▸ What to work on:
From the entries that follow, reproduce exactly and only the lines from the line with "#4514 = CARTESIAN_POINT" to the line with "#16421 = PLANE", endpoints included.
Exercise data Block Start
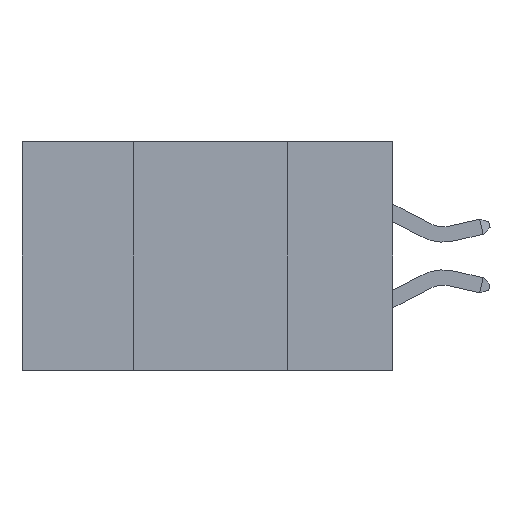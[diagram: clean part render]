
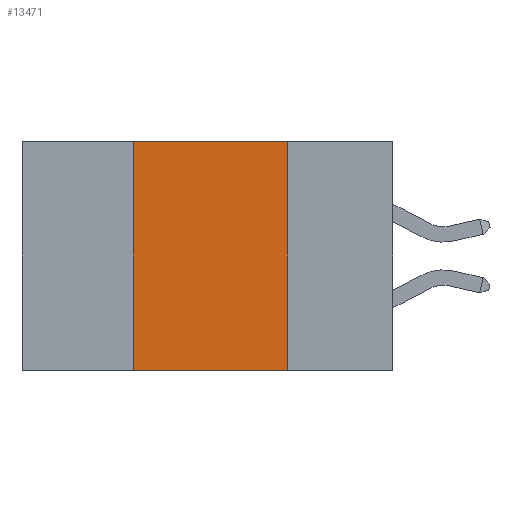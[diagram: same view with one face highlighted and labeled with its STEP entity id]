
A CAD part, left-side view. The second image highlights one B-rep face of the part: STEP entity #13471.
In plain terms, the highlighted planar face has unit normal (-1, 0, 0).
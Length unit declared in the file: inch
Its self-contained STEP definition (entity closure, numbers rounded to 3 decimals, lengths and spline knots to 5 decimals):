
#113 = CARTESIAN_POINT ( 'NONE',  ( 0., 0.17, 0. ) ) ;
#147 = AXIS2_PLACEMENT_3D ( 'NONE', #11384, #16588, #4917 ) ;
#243 = DIRECTION ( 'NONE',  ( 0., 0., 1. ) ) ;
#324 = LINE ( 'NONE', #1436, #12387 ) ;
#595 = VERTEX_POINT ( 'NONE', #7643 ) ;
#1091 = CARTESIAN_POINT ( 'NONE',  ( 0., 0.6, 0. ) ) ;
#1436 = CARTESIAN_POINT ( 'NONE',  ( 0., 0.42, 0. ) ) ;
#1700 = LINE ( 'NONE', #5614, #4157 ) ;
#2798 = CARTESIAN_POINT ( 'NONE',  ( 0., 0.42, 0. ) ) ;
#3064 = DIRECTION ( 'NONE',  ( 0., -1., 0. ) ) ;
#3411 = EDGE_CURVE ( 'NONE', #595, #8445, #10970, .T. ) ;
#3447 = EDGE_CURVE ( 'NONE', #5336, #8445, #1700, .T. ) ;
#4157 = VECTOR ( 'NONE', #6971, 39.37008 ) ;
#4514 = CARTESIAN_POINT ( 'NONE',  ( 0., 0.6, -0.37 ) ) ;
#4776 = DIRECTION ( 'NONE',  ( 0., -1., 0. ) ) ;
#4892 = ORIENTED_EDGE ( 'NONE', *, *, #14307, .F. ) ;
#4917 = DIRECTION ( 'NONE',  ( 0., 0., -1. ) ) ;
#5232 = VECTOR ( 'NONE', #3064, 39.37008 ) ;
#5336 = VERTEX_POINT ( 'NONE', #113 ) ;
#5614 = CARTESIAN_POINT ( 'NONE',  ( 0., 0.17, 0. ) ) ;
#5873 = ORIENTED_EDGE ( 'NONE', *, *, #5899, .F. ) ;
#5899 = EDGE_CURVE ( 'NONE', #595, #13151, #324, .T. ) ;
#6235 = CARTESIAN_POINT ( 'NONE',  ( 0., 0.17, -0.37 ) ) ;
#6971 = DIRECTION ( 'NONE',  ( 0., 0., -1. ) ) ;
#7394 = LINE ( 'NONE', #1091, #11862 ) ;
#7643 = CARTESIAN_POINT ( 'NONE',  ( 0., 0.42, -0.37 ) ) ;
#8445 = VERTEX_POINT ( 'NONE', #6235 ) ;
#9225 = ORIENTED_EDGE ( 'NONE', *, *, #3411, .T. ) ;
#10085 = EDGE_LOOP ( 'NONE', ( #16761, #4892, #5873, #9225 ) ) ;
#10970 = LINE ( 'NONE', #4514, #5232 ) ;
#11384 = CARTESIAN_POINT ( 'NONE',  ( 0., 0.6, 0. ) ) ;
#11862 = VECTOR ( 'NONE', #4776, 39.37008 ) ;
#12387 = VECTOR ( 'NONE', #243, 39.37008 ) ;
#13151 = VERTEX_POINT ( 'NONE', #2798 ) ;
#13471 = ADVANCED_FACE ( 'NONE', ( #14955 ), #16421, .F. ) ;
#14307 = EDGE_CURVE ( 'NONE', #13151, #5336, #7394, .T. ) ;
#14955 = FACE_OUTER_BOUND ( 'NONE', #10085, .T. ) ;
#16421 = PLANE ( 'NONE',  #147 ) ;
#16588 = DIRECTION ( 'NONE',  ( 1., 0., 0. ) ) ;
#16761 = ORIENTED_EDGE ( 'NONE', *, *, #3447, .F. ) ;
Exercise data Block End
▸ Written reply:
#4514 = CARTESIAN_POINT ( 'NONE',  ( 0., 0.6, -0.37 ) ) ;
#4776 = DIRECTION ( 'NONE',  ( 0., -1., 0. ) ) ;
#4892 = ORIENTED_EDGE ( 'NONE', *, *, #14307, .F. ) ;
#4917 = DIRECTION ( 'NONE',  ( 0., 0., -1. ) ) ;
#5232 = VECTOR ( 'NONE', #3064, 39.37008 ) ;
#5336 = VERTEX_POINT ( 'NONE', #113 ) ;
#5614 = CARTESIAN_POINT ( 'NONE',  ( 0., 0.17, 0. ) ) ;
#5873 = ORIENTED_EDGE ( 'NONE', *, *, #5899, .F. ) ;
#5899 = EDGE_CURVE ( 'NONE', #595, #13151, #324, .T. ) ;
#6235 = CARTESIAN_POINT ( 'NONE',  ( 0., 0.17, -0.37 ) ) ;
#6971 = DIRECTION ( 'NONE',  ( 0., 0., -1. ) ) ;
#7394 = LINE ( 'NONE', #1091, #11862 ) ;
#7643 = CARTESIAN_POINT ( 'NONE',  ( 0., 0.42, -0.37 ) ) ;
#8445 = VERTEX_POINT ( 'NONE', #6235 ) ;
#9225 = ORIENTED_EDGE ( 'NONE', *, *, #3411, .T. ) ;
#10085 = EDGE_LOOP ( 'NONE', ( #16761, #4892, #5873, #9225 ) ) ;
#10970 = LINE ( 'NONE', #4514, #5232 ) ;
#11384 = CARTESIAN_POINT ( 'NONE',  ( 0., 0.6, 0. ) ) ;
#11862 = VECTOR ( 'NONE', #4776, 39.37008 ) ;
#12387 = VECTOR ( 'NONE', #243, 39.37008 ) ;
#13151 = VERTEX_POINT ( 'NONE', #2798 ) ;
#13471 = ADVANCED_FACE ( 'NONE', ( #14955 ), #16421, .F. ) ;
#14307 = EDGE_CURVE ( 'NONE', #13151, #5336, #7394, .T. ) ;
#14955 = FACE_OUTER_BOUND ( 'NONE', #10085, .T. ) ;
#16421 = PLANE ( 'NONE',  #147 ) ;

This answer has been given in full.